# Schlüsselchen für CPU



## Simaticfuzzy (18 Dezember 2009)

wird dringend gesucht. Ich weis es ist banal aber was nutzt mir eine CPU die auf RUN steht ?
Also bitte schaut mal unter Eueren Tischen und im Keller ob da nicht vielleicht so ein Ding rumliegt.
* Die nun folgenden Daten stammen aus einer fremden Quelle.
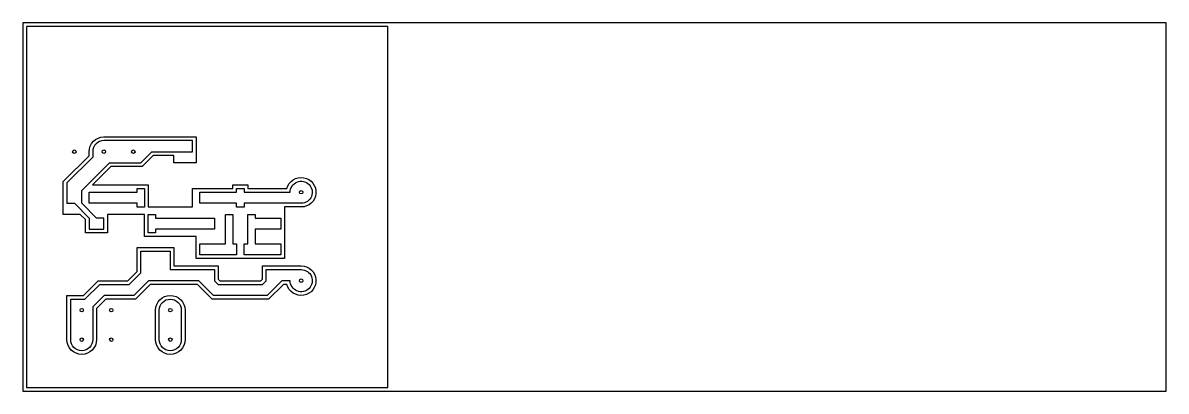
# Model space of a CAD drawing. Header units: millimetres. Extents: x -49.2 to 49.2, y -15.9 to 15.9.
import ezdxf

# ---------------------------------------------------------------- set-up
doc = ezdxf.new("R2010")
doc.units = ezdxf.units.MM

msp = doc.modelspace()

# ---------------------------------------------------------------- linework, layer by layer
for points in [[(-49.212, -15.875), (49.212, -15.875), (49.212, 15.875), (-49.212, 15.875)], [(-17.78, 15.557), (-48.895, 15.557), (-48.895, -15.557), (-17.78, -15.557)], [(-39.382, 0.318), (-43.51, 0.318), (-43.51, 1.27), (-39.382, 1.27), (-39.382, 1.588), (-38.747, 1.588), (-38.747, 0), (-39.382, 0)], [(-37.794, -1.906), (-37.794, -2.223), (-38.429, -2.223), (-38.429, -0.635), (-37.794, -0.635), (-37.794, -0.953), (-32.712, -0.953), (-32.712, -1.906)], [(-31.759, -3.176), (-31.759, -0.635), (-31.124, -0.635), (-31.124, -3.176), (-30.807, -3.176), (-30.807, -4.129), (-33.983, -4.129), (-33.983, -3.176)], [(-29.219, -0.635), (-29.219, -0.953), (-26.996, -0.953), (-26.996, -1.906), (-29.219, -1.906), (-29.219, -3.176), (-26.996, -3.176), (-26.996, -4.129), (-30.172, -4.129), (-30.172, -3.176), (-29.854, -3.176), (-29.854, -0.635)]]:
    msp.add_lwpolyline(points, close=True)
for points in [[(-45.734, -0.635), (-45.734, 2.202), (-43.512, 4.424), (-43.512, 4.768, -0.414214), (-42.242, 6.038), (-34.3, 6.038), (-34.3, 3.816), (-36.205, 3.816), (-36.205, 4.451), (-37.983, 4.451), (-38.935, 3.498), (-41.634, 3.498), (-43.227, 1.905), (-38.429, 1.905), (-38.429, 0.001), (-34.618, 0.001), (-34.618, 1.589), (-31.124, 1.589), (-31.124, 1.905), (-29.854, 1.905), (-29.854, 1.589), (-26.479, 1.589, -2.039508), (-25.249, 0.001), (-26.678, 0.001), (-26.678, -4.446), (-34.3, -4.446), (-34.3, -2.541), (-38.746, -2.541), (-38.746, -0.635), (-41.923, -0.635), (-41.923, -2.223), (-43.828, -2.223), (-43.828, -1.084), (-44.277, -0.635)], [(-43.51, -0.953), (-43.51, -1.906), (-42.24, -1.906), (-42.24, -0.953), (-42.875, -0.953), (-44.146, 0.318), (-44.146, 1.435), (-41.765, 3.816), (-39.067, 3.816), (-38.114, 4.768), (-34.618, 4.768), (-34.618, 5.721), (-42.242, 5.721, 0.414214), (-43.194, 4.768), (-43.194, 4.292), (-45.416, 2.07), (-45.416, 0.318), (-44.781, 0.318)], [(-33.983, 0.319), (-33.983, 1.271), (-30.807, 1.271), (-30.807, 1.588), (-30.172, 1.588), (-30.172, 1.271), (-26.202, 1.271, -2.414214), (-25.249, 0.319), (-30.172, 0.319), (-30.172, 0), (-30.807, 0), (-30.807, 0.319)], [(-28.583, -5.082), (-25.249, -5.082, -2.039508), (-26.479, -6.67), (-26.787, -6.67), (-28.057, -7.94), (-32.921, -7.94), (-34.191, -6.669), (-38.259, -6.669), (-39.529, -7.94), (-42.067, -7.94), (-42.873, -8.746), (-42.873, -11.433, -1), (-45.413, -11.433), (-45.413, -7.623), (-43.996, -7.623), (-42.725, -6.352), (-40.187, -6.352), (-39.382, -5.547), (-39.382, -3.494), (-36.206, -3.494), (-36.206, -5.082), (-32.395, -5.082), (-32.395, -6.22), (-32.263, -6.352), (-28.715, -6.352), (-28.583, -6.221)], [(-28.266, -5.4), (-25.249, -5.4, -2.414214), (-26.201, -6.352), (-26.919, -6.352), (-28.189, -7.622), (-32.789, -7.622), (-34.059, -6.352), (-38.391, -6.352), (-39.661, -7.622), (-42.199, -7.622), (-43.191, -8.614), (-43.191, -11.433, -1), (-45.096, -11.433), (-45.096, -7.941), (-43.864, -7.941), (-42.593, -6.67), (-40.055, -6.67), (-39.064, -5.678), (-39.064, -3.811), (-36.523, -3.811), (-36.523, -5.399), (-32.712, -5.399), (-32.712, -6.352), (-32.395, -6.67), (-28.583, -6.67), (-28.266, -6.352)], [(-37.793, -11.433), (-37.793, -8.893, -1), (-35.253, -8.893), (-35.253, -11.433, -1)], [(-37.476, -11.433), (-37.476, -8.893, -1), (-35.571, -8.893), (-35.571, -11.433, -1)]]:
    msp.add_lwpolyline(points, format="xyb", close=True)
for centre in [(-44.782, 4.768), (-42.242, 4.768), (-39.702, 4.768), (-25.249, 1.271), (-25.249, -6.352), (-44.143, -8.893), (-41.603, -8.893), (-36.523, -8.893), (-44.143, -11.433), (-41.603, -11.433), (-36.523, -11.433)]:
    msp.add_circle(centre, 0.15)

doc.saveas('drawing.dxf')

Natürlich gegen Bares, versteht sich von selbst

Gruß


----------



## peter(R) (19 Dezember 2009)

Hilfreich, wenn bekannt ist welche CPU  !!
S7300, Mitsubishi AnS, Mitsubishi FX, Telemechanique oder... oder.. oder ...

peter(R)


----------



## Simaticfuzzy (19 Dezember 2009)

SIEMENS CPU 315.

Hab gar nicht dran gedacht das es noch andere Hersteller gibt.


----------



## o.s.t. (19 Dezember 2009)

Ansonsten hier noch für den Fall der Fälle die Originalbestellnummer:

6ES7 911-0AA00-0AA0 (Ersatzteilnummer für CPU Schlüssel)

gruss, o.s.t.


----------



## Simaticfuzzy (20 Dezember 2009)

Vielen Dank für Euere Nachrichten. Mich wurde schon geholfen.

Allen im Forum ein schönes Weihnachtsfest und einen guten Start ins neue Jahr:s10:

Gruß
Peter


----------



## MikeBerlin (15 September 2010)

Simaticfuzzy schrieb:


> wird dringend gesucht. ...
> Gruß


Mir gehts nun genau so. Schlüsselchen für 2x CPU 314 gesucht. Danke. Gruß Michael


----------